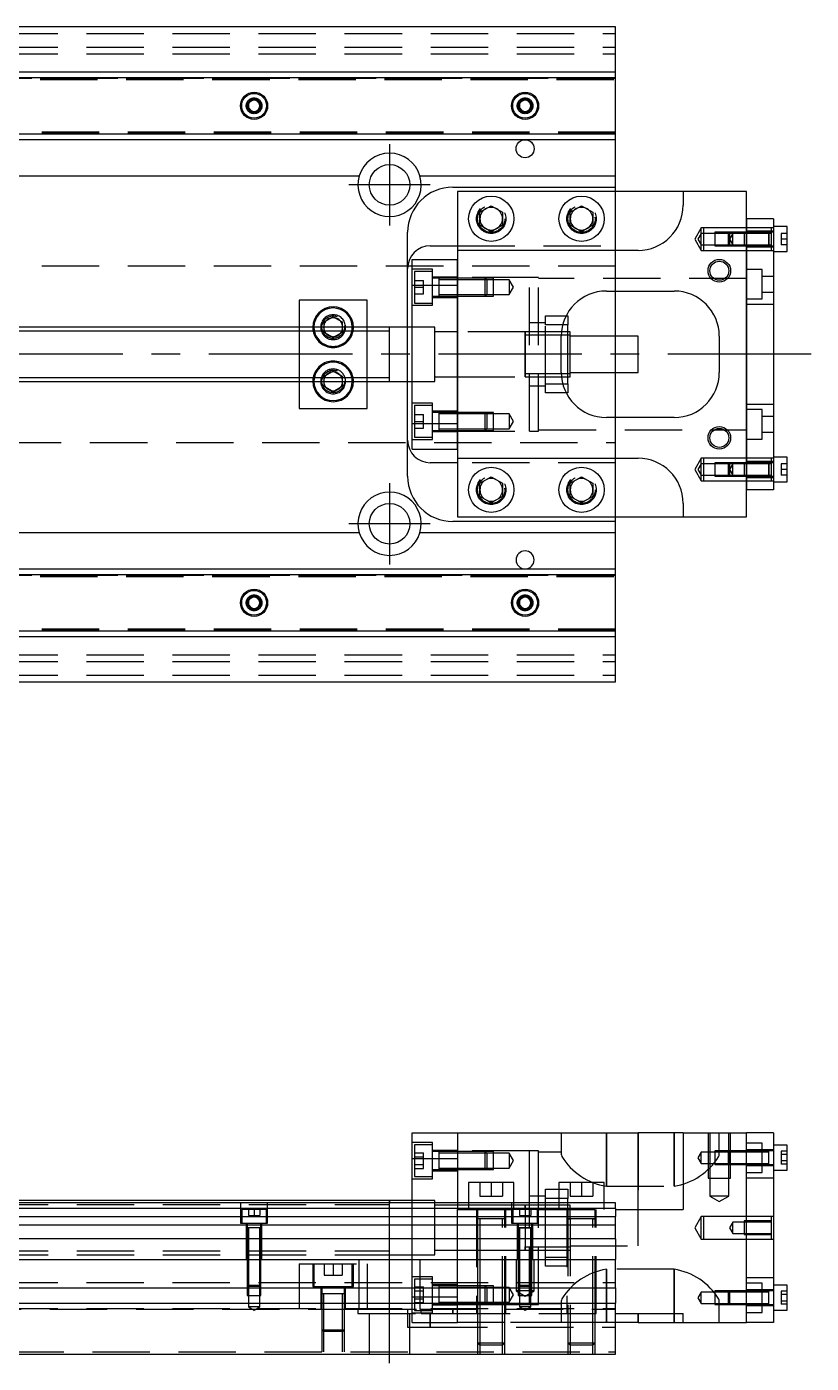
# Model space of a CAD drawing. Extents: x -10 to 656, y -262 to 77.
# Drawn here: x 329.7 to 503.4, y -223.3 to 72.5 of the extents above; entities that cross this region are included whole.
import ezdxf

# ---------------------------------------------------------------- set-up
doc = ezdxf.new("R2010")
doc.units = 0
doc.linetypes.add('CENTER', pattern=[50.8, 31.75, -6.35, 6.35, -6.35])
doc.linetypes.add('DASHED', pattern=[19.05, 12.7, -6.35])
doc.layers.get('0').update_dxf_attribs({"linetype": 'CONTINUOUS'})
doc.layers.add('CENTER', color=1, linetype='CENTER')

msp = doc.modelspace()

# ---------------------------------------------------------------- linework, layer by layer
at = {"color": 3, "linetype": 'DASHED'}
for p, q in [((0, 71), (460, 71)), ((0, 68), (460, 68)), ((0, 66.5), (460, 66.5)), ((275.5, 61.1), (460, 61.1)), ((275.5, 60.8), (460, 60.8)), ((280, 61.1147), (460, 61.1147)), ((381.477374, 55.25955), (381.5, 55)), ((441.477374, 55.25955), (441.5, 55)), ((460, 49.2), (275.5, 49.2)), ((460, 48.9), (275.5, 48.9)), ((460, 48.8853), (280, 48.8853)), ((460, 24), (460, 36)), ((429.5, 30), (429.520026, 30.346056)), ((455.477798, 30.364306), (455.5, 30)), ((479, 28), (477.556624, 25.5)), ((479, 26.75), (478.278312, 25.5)), ((479, 26.75), (479, 28)), ((479.5, 28), (479, 28)), ((479, 24.25), (479, 26.75)), ((482, 26.75), (479, 26.75)), ((479.5, 28), (479.5, 23)), ((489, 28), (479.5, 28)), ((482, 26.999994), (482, 24.000006)), ((485.25, 26.999994), (482, 26.999994)), ((485, 26.75), (482, 26.75)), ((485.25, 27), (485, 26.75)), ((485, 24.25), (485, 26.75)), ((489, 26.75), (485, 26.75)), ((485.25, 27), (485.25, 24)), ((489, 27), (485.25, 27)), ((489, 26.999994), (485.25, 26.999994)), ((486, 26.75), (485.278312, 25.5)), ((486, 24.25), (486, 26.75)), ((488.5, 26.999994), (488.5, 26.75)), ((488.5, 26.75), (488.5, 24.25)), ((494.5, 28), (489, 28)), ((495, 27.25), (489, 27.25)), ((494, 27), (489, 27)), ((494, 26.75), (489, 26.75)), ((494, 27), (493.995, 27)), ((494, 23.999994), (494, 27.000006)), ((494, 23.999994), (494, 27.000006)), ((494, 26.75), (494, 27.000006)), ((494, 26.875392), (494, 27)), ((494.005, 27), (494, 27)), ((495, 27), (494, 27)), ((494, 27), (494, 26.875392)), ((494, 24.124608), (494, 26.875392)), ((494, 26.875392), (494, 25.498804)), ((494, 24.25), (494, 26.75)), ((494.5, 26.75), (494, 26.75)), ((494.5, 28), (494.5, 27)), ((495, 28), (494.5, 28)), ((494.5, 27), (494.5, 24)), ((496.7, 26.75), (496.7, 25.5)), ((498, 26.75), (496.7, 26.75)), ((425, 24), (460, 24)), ((460, 23), (460, 24)), ((477.556624, 25.5), (479, 23)), ((478.278312, 25.5), (479, 24.25)), ((479, 23), (479, 24.25)), ((479, 24.25), (482, 24.25)), ((482, 24.25), (485, 24.25)), ((482, 24.000006), (485.25, 24.000006)), ((485, 24.25), (489, 24.25)), ((485, 24.25), (485.25, 24)), ((485.25, 24.000006), (489, 24.000006)), ((485.25, 24), (489, 24)), ((485.278312, 25.5), (486, 24.25)), ((488.5, 24.25), (488.5, 24.000006)), ((489, 24.25), (494, 24.25)), ((489, 24), (494, 24)), ((489, 23.75), (495, 23.75)), ((493.995, 24), (494, 24)), ((494, 25.498804), (494, 24.124608)), ((494, 23.999994), (494, 24.25)), ((494, 24.25), (494.5, 24.25)), ((494, 24), (494, 24.124608)), ((494, 24.124608), (494, 24)), ((494, 24), (494.005, 24)), ((494, 24), (495, 24)), ((494.5, 24), (494.5, 23)), ((496.7, 25.5), (496.7, 24.25)), ((498, 25.5), (496.7, 25.5)), ((498, 24.25), (496.7, 24.25)), ((425, 15.32971), (425, 21)), ((460, 14), (460, 23)), ((479, 23), (479.5, 23)), ((479.5, 23), (489, 23)), ((489, 23), (494.5, 23)), ((494.5, 23), (495, 23)), ((460, 19.5), (76.969694, 19.5)), ((419.5, 18.849242), (415, 18.849242)), ((415.5, 18.349242), (415.5, 11.349242)), ((419.5, 18.349242), (415.5, 18.349242)), ((419.5, 10.849242), (419.5, 18.849242)), ((492.5, 18.75), (489, 18.75)), ((492.5, 12.25), (492.5, 18.75)), ((415.5, 16.349242), (417.5, 16.349242)), ((415.5, 14.849242), (417.5, 14.849242)), ((417.5, 14.849242), (417.5, 16.349242)), ((417.5, 13.349242), (417.5, 14.849242)), ((425, 17.099242), (419.5, 17.099242)), ((420.9, 16.849242), (419.5, 16.849242)), ((420.9, 16.849242), (420.895, 16.849242)), ((420.9, 16.849248), (420.9, 12.849238)), ((420.9, 16.849248), (420.9, 12.849238)), ((420.9, 16.849242), (420.9, 16.63278)), ((420.905, 16.849242), (420.9, 16.849242)), ((425, 16.849242), (420.9, 16.849242)), ((420.9, 16.63278), (420.9, 13.065704)), ((425, 16.499242), (420.9, 16.499242)), ((441, 17), (425, 17)), ((431.15, 16.849242), (425, 16.849242)), ((431.150006, 16.849238), (425, 16.849238)), ((431.5, 16.499242), (425, 16.499242)), ((431.15, 12.849242), (431.15, 16.849242)), ((431.5, 16.499242), (431.15, 16.849242)), ((433, 16.849238), (431.150006, 16.849238)), ((431.5, 16.499242), (431.5, 13.199242)), ((433, 16.499242), (431.5, 16.499242)), ((433, 12.849248), (433, 16.849238)), ((436.5, 16.499242), (433, 16.499242)), ((436.5, 16.499242), (436.5, 13.199242)), ((437.452628, 14.849242), (436.5, 16.499242)), ((436.5, 13.199242), (437.452628, 14.849242)), ((441, -17), (441, 17)), ((443, 17), (441, 17)), ((443, -17), (443, 17)), ((489, 16.75), (443, 16.75)), ((495, 17.25), (492.5, 17.25)), ((415.5, 13.349242), (417.5, 13.349242)), ((419.5, 12.849242), (420.9, 12.849242)), ((419.5, 12.599242), (425, 12.599242)), ((420.895, 12.849242), (420.9, 12.849242)), ((420.9, 13.199242), (425, 13.199242)), ((420.9, 13.065704), (420.9, 12.849242)), ((420.9, 12.849242), (420.905, 12.849242)), ((420.9, 12.849242), (425, 12.849242)), ((425, 13.199242), (431.5, 13.199242)), ((425, 12.849248), (431.150006, 12.849248)), ((425, 12.849242), (431.15, 12.849242)), ((431.15, 12.849242), (431.5, 13.199242)), ((431.150006, 12.849248), (433, 12.849248)), ((431.5, 13.199242), (433, 13.199242)), ((433, 13.199242), (436.5, 13.199242)), ((489, 12.25), (492.5, 12.25)), ((492.5, 13.75), (495, 13.75)), ((415, 10.849242), (419.5, 10.849242)), ((415.5, 11.349242), (419.5, 11.349242)), ((495, 11), (489, 11)), ((390, 6), (390, 5.125)), ((395.5, 5.125), (395.5, 6)), ((399.5, 6), (399.5, 5.125)), ((399.983582, 6.286038), (400, 6)), ((405, 5.125), (405, 6)), ((414, -6), (414, 6)), ((420, 6), (415, 6)), ((420, 0), (420, 6)), ((444.5, 7), (441, 7)), ((444.5, 8.5), (449.069714, 8.5)), ((444.5, 6.5), (444.5, 8.5)), ((448.317542, 6.5), (444.5, 6.5)), ((444.5, -6.5), (444.5, 6.5)), ((390, 5.125), (390, -5.125)), ((395.5, 4.8453), (395.5, 5.125)), ((397.5, 3.690598), (395.5, 4.8453)), ((399.5, 4.8453), (397.5, 3.690598)), ((399.5, 5.125), (399.5, 4.8453)), ((405, -5.125), (405, 5.125)), ((425, 5), (420, 5)), ((440.005, 5), (425, 5)), ((444.5, 5), (439.995, 5)), ((440, -5.000006), (440, 5.000006)), ((440, 4.43509), (440, 5)), ((440, 5), (440, 4.435078)), ((440, 4.435078), (440, -4.435962)), ((444.5, 4.25), (440, 4.25)), ((448.050126, 5), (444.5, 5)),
+-------+
Repeat, with no pictures, each line from the beginning of the data through the line containing "import ezdxf", inclusive.

OUTPUT OF THE EXERCISE:
# Model space of a CAD drawing. Extents: x -10 to 656, y -262 to 77.
# Drawn here: x 329.7 to 503.4, y -223.3 to 72.5 of the extents above; entities that cross this region are included whole.
import ezdxf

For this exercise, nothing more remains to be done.